Among those items is a request for help from Republican Andrew Tobin and other state lawmakers who represent the area. Although Tobin acknowledges the problem, he says the state’s projected billion-dollar shortfall and the Capitol’s bias toward helping big cities will hurt Sedona’s chances.
In a March 2 email to TZR, Tobin wrote, “It is not likely that our rural communities will get much help from an urban-dominated legislature.”
Tobin also wrote that beating the affordable housing crisis has to happen at the local level through partnerships between city governments and developers to build high-density, multifamily projects.
But Sedona has just 59 acres left for such projects. About 80 percent of the city’s developable land is spoken for.
Tobin also said he was unsure if any bills addressing affordable housing had made it past legislative committees, the Legislature’s lowest rungs for new bills to become laws.
Even if they did, he wrote, the bills would probably get stuck in the appropriations committee – which controls the state’s purse strings – because “funding is not available this year or next, as [far as] I can tell.”
SEDONA’S AFFORDABLE CLOCK IS TICKING
This leaves Sedonans like Ronald Pauley to find their own solution while local and state officials debate the ins and outs of the city’s affordable housing crisis.
Pauley owns a successful business that repairs restaurant equipment. He has rented a two-bedroom apartment in Uptown Sedona since 2002.
The view from Pauley’s affordable apartment used to be the jagged red hills below Wilson Mountain. Now, his view is the back of a new three-story timeshare condominium built about 30 feet from his window.

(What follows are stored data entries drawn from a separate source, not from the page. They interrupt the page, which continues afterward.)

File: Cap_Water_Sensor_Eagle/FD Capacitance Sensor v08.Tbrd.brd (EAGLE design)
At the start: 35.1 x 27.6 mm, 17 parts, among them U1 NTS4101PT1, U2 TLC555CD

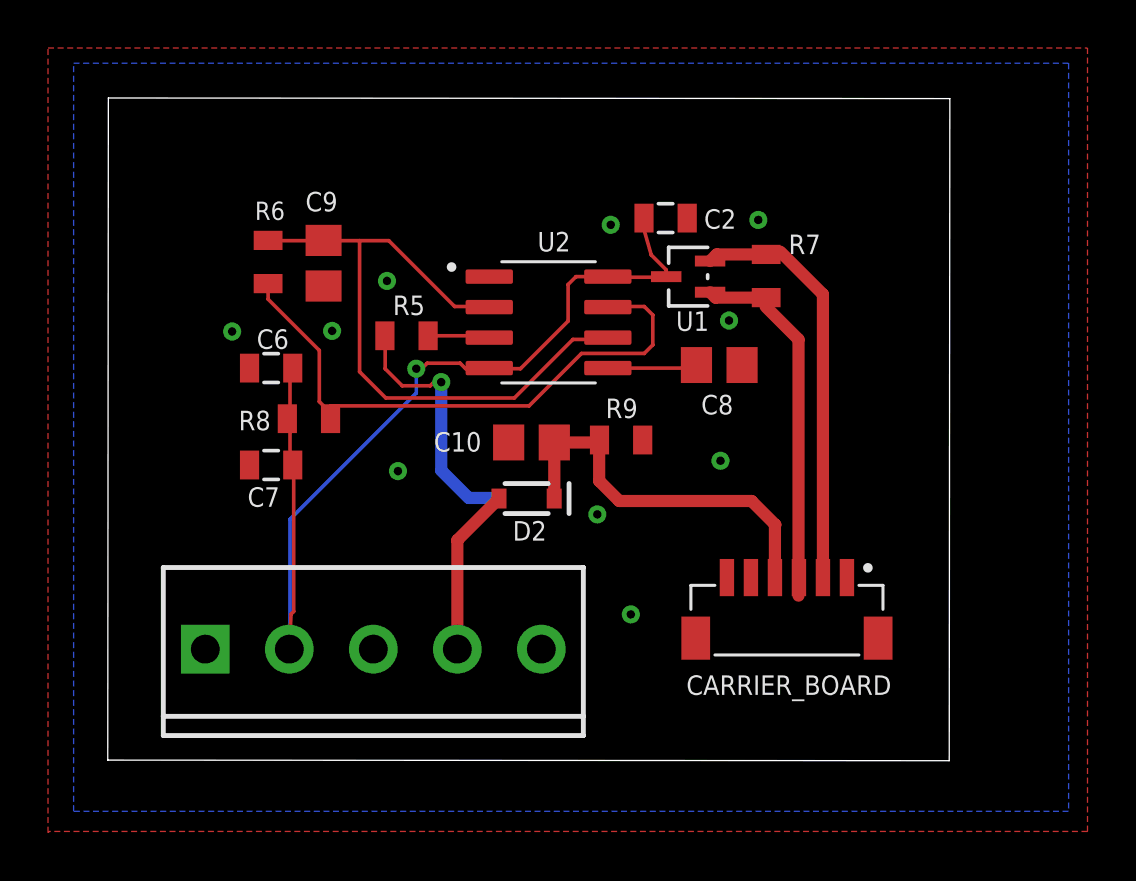
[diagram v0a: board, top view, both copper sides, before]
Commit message: Version 9 with board dimensions
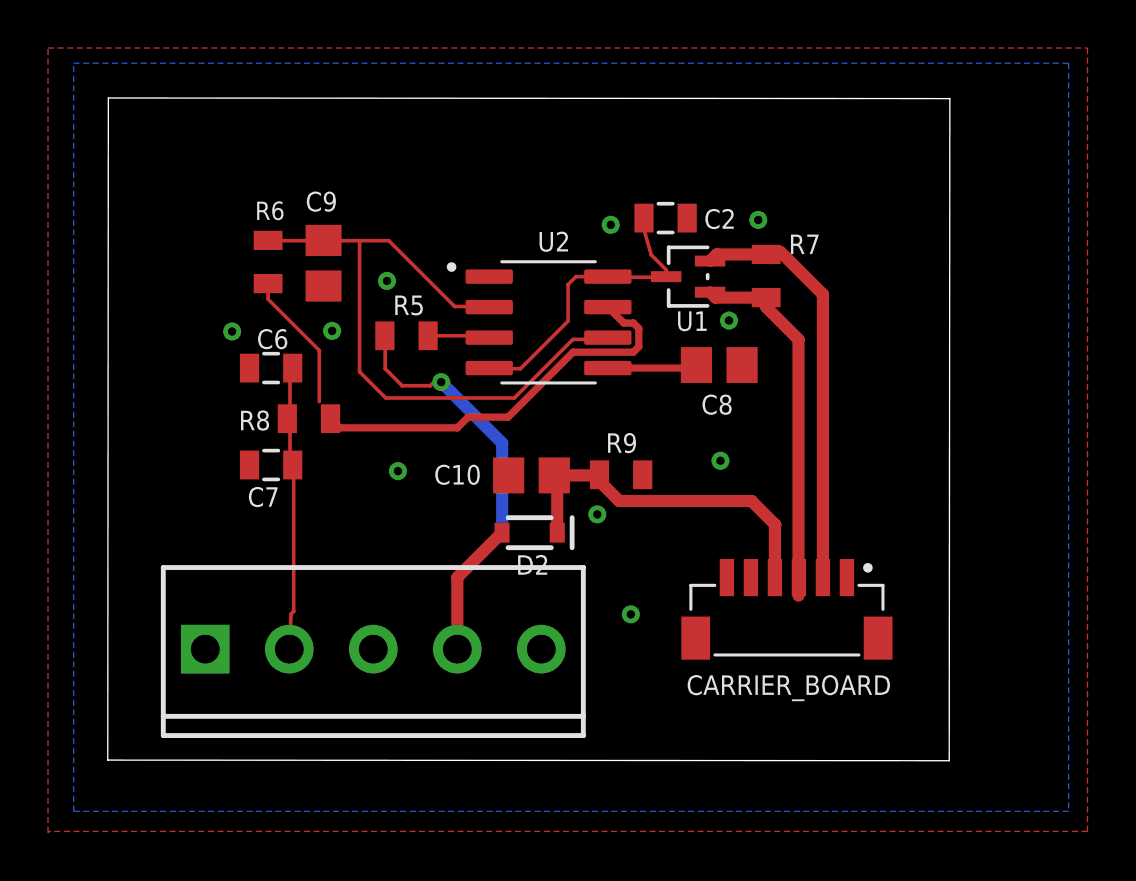
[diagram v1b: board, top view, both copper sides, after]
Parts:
- moved R9 1.45 mm to (21.4, 11.9)
- moved D2 1.43 mm to (17.6, 9.47)
- moved C10 1.37 mm to (17.7, 11.9)
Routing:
- net VCC: track 41.8 -> 24.6 mm, vias 1 -> 0
- net N$9: track 25.0 -> 22.6 mm
- net OUTPUT1: track 16.5 -> 15.2 mm
- net SENSOR1: track 17.6 -> 17.0 mm
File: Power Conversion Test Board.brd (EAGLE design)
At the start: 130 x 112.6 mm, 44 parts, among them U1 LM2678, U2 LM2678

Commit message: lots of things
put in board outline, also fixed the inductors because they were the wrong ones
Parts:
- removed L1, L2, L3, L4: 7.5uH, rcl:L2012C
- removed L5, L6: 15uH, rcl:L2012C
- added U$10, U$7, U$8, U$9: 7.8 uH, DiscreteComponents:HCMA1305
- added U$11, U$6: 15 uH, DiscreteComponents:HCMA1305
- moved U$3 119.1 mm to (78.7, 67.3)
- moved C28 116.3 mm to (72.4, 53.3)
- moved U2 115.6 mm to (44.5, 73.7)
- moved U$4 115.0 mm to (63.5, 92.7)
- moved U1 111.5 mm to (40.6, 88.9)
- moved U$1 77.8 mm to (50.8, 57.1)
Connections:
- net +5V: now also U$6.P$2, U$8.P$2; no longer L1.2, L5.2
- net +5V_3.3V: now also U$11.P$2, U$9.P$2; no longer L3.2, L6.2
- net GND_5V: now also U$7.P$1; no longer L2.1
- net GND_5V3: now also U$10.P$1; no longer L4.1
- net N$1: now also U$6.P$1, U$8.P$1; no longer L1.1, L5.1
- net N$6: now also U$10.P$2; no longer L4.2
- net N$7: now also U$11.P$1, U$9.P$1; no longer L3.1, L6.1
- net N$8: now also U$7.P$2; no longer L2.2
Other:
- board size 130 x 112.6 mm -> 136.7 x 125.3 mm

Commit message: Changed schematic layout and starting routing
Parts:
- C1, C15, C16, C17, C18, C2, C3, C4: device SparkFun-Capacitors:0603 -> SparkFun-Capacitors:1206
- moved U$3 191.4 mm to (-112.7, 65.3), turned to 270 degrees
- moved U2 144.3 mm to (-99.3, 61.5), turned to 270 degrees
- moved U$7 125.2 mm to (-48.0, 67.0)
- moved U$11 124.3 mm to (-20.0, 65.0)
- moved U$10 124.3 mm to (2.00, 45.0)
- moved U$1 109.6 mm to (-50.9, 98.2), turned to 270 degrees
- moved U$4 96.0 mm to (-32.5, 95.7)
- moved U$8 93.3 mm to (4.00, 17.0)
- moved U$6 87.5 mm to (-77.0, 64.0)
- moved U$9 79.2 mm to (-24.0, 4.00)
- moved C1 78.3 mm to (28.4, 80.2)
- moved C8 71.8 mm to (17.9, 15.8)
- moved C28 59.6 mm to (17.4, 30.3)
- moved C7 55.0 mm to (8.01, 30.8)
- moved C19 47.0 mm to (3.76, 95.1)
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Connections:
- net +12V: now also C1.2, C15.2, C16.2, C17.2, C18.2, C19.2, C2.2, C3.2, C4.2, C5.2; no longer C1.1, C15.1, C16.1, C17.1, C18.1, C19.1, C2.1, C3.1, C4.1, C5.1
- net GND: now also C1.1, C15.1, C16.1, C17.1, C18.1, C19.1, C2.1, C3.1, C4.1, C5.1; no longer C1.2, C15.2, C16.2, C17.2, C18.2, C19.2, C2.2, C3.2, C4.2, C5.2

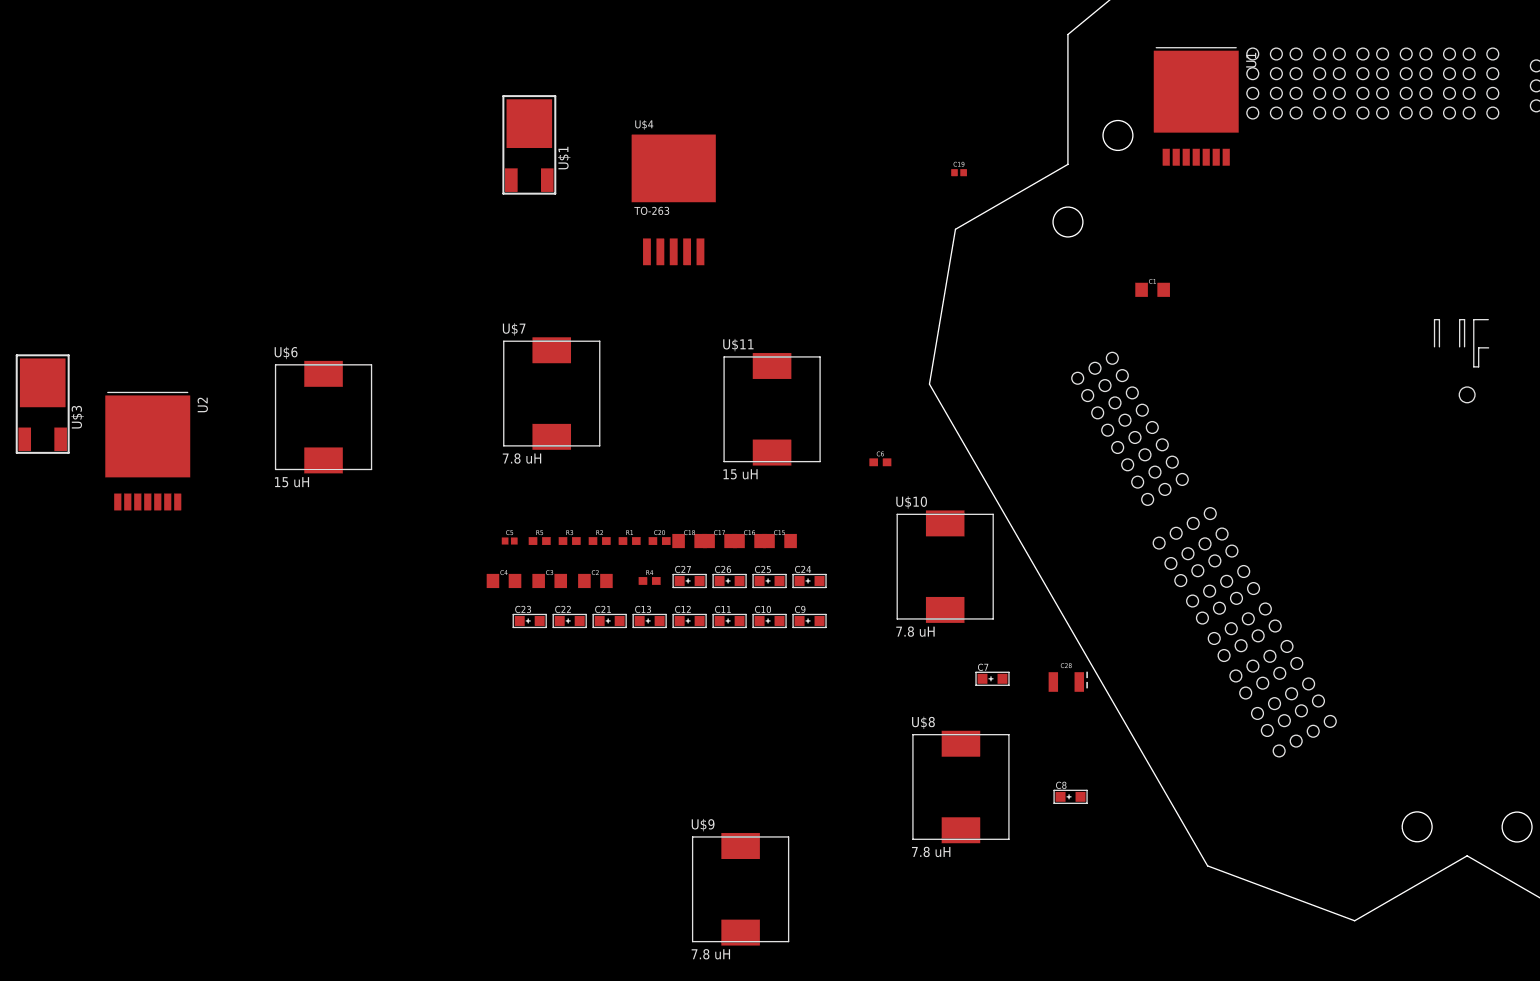
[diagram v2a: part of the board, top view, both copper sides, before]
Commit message: Rerouting
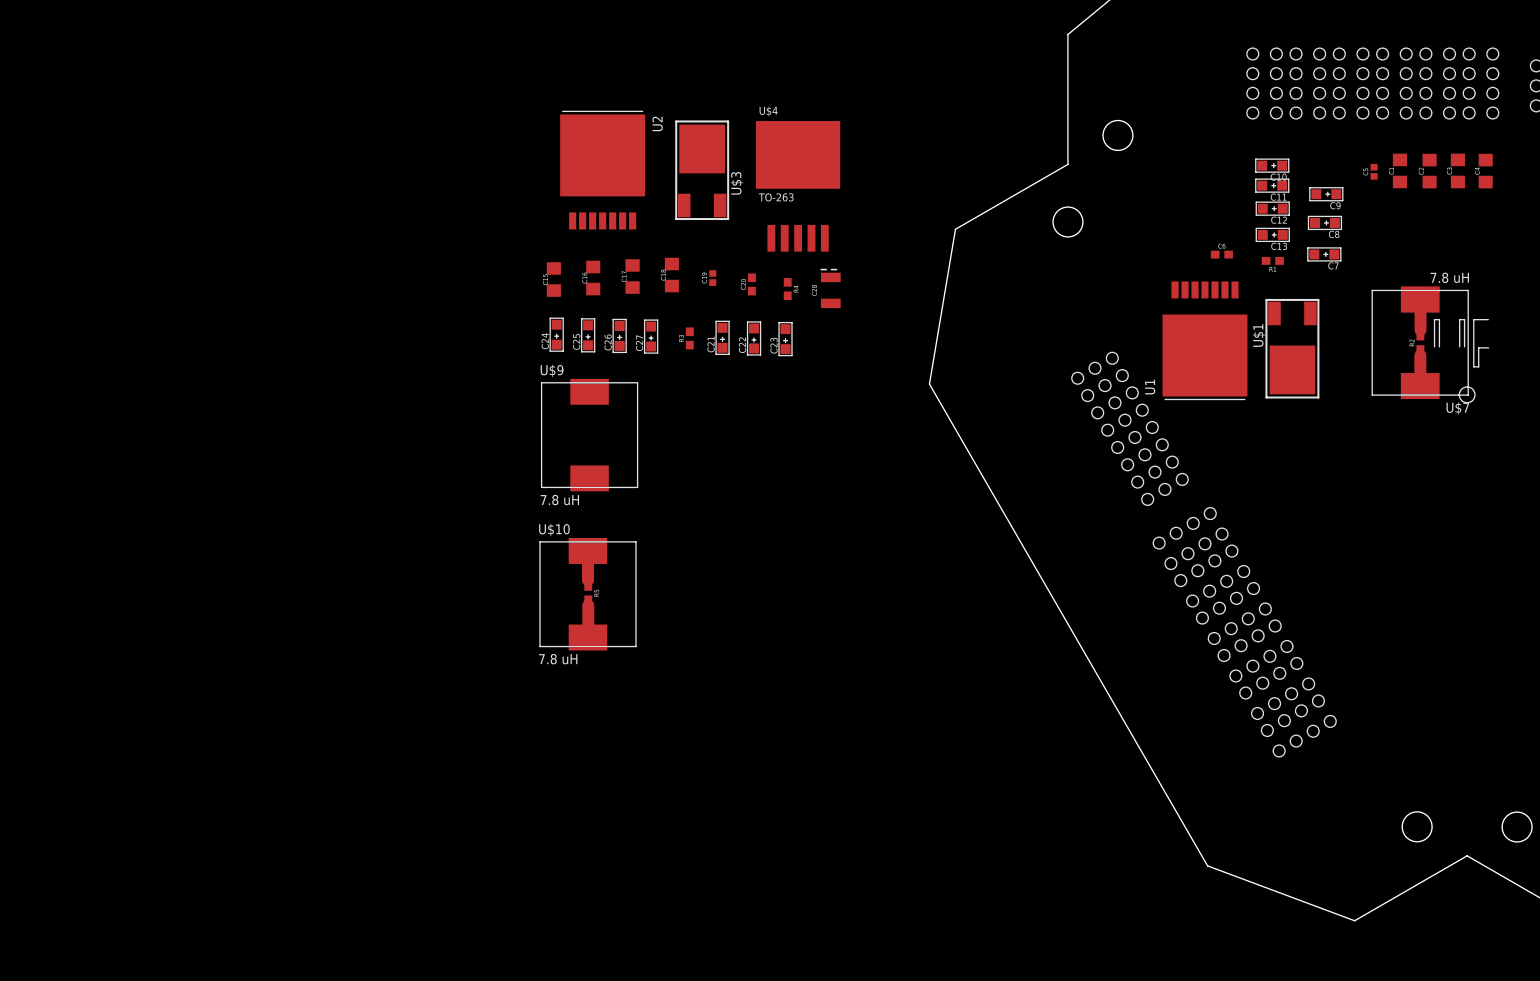
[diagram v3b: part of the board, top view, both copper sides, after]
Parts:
- removed U$11, U$6: 15 uH, DiscreteComponents:HCMA1305
- moved C4 135.2 mm to (70.7, 95.3), turned to 90 degrees
- moved C3 126.6 mm to (67.2, 95.3), turned to 90 degrees
- moved C5 119.4 mm to (56.5, 95.2), turned to 90 degrees
- moved C2 118.1 mm to (63.6, 95.3), turned to 90 degrees
- moved U$7 110.6 mm to (62.4, 73.5), turned to 180 degrees
- moved R2 107.3 mm to (62.4, 73.4), turned to 90 degrees
- moved U$1 100.2 mm to (46.1, 73.1), turned to 90 degrees
- moved C13 93.2 mm to (43.6, 87.2), turned to 180 degrees
- moved C12 90.8 mm to (43.6, 90.5), turned to 180 degrees
- moved R1 89.1 mm to (43.6, 83.9), turned to 180 degrees
- moved U$3 88.9 mm to (-28.9, 95.0)
- moved C11 88.4 mm to (43.6, 93.4), turned to 180 degrees
- moved C10 86.2 mm to (43.6, 96.0), turned to 180 degrees
- moved C9 85.2 mm to (50.4, 92.3), turned to 180 degrees
- moved U$8 81.2 mm to (62.4, 73.5), flipped to the bottom, turned to 180 degrees
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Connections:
- removed net GND_5V1: R5.1
- removed net N$6: C21.-, C22.-, C23.-, U$10.P$2
- net +5V: no longer U$6.P$2
- net +5V_3.3V: no longer U$11.P$2
- net GND_5V3: now also R5.1
- net N$1: no longer U$6.P$1
- net N$4: now also C21.-, C22.-, C23.-, U$10.P$2
- net N$7: no longer U$11.P$1
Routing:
- net N$4: track 0.00 -> 4.81 mm
- net GND_5V: track 0.00 -> 4.69 mm
- net N$8: track 0.00 -> 4.68 mm
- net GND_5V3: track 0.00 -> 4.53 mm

“I know they are timeshares because I see the people who come and go,” he says.
None of the mountains are visible. “How did they get three stories?” he asks, perplexed.
These days, media coverage of land speculation is driving up land values and rental prices in Sedona. Pauley says he is close to moving out of Sedona because the affordability gap is turning into a chasm.
Fearing reprisal from his landlord, Pauley spoke to TZR under the condition that his real name not be used for this story.
“My landlord started raising the rent after reading about higher average rent prices in the newspaper,” Pauley says. Last year, he adds, his rent rose three times in one week. It began at $600 and rose to $625, then $650, then $700.
Pauley says the eight-unit apartment building was built in 1972 by its current owner. The construction is not up to code. There are gaps between the original wood siding and the newer brick façade. The PVC pipes rattle inside the walls, he says, and methane gas vents into the attic, not outside the dwelling.
“I’ve got a working smoke detector and an exit strategy,” Pauley says with a grin.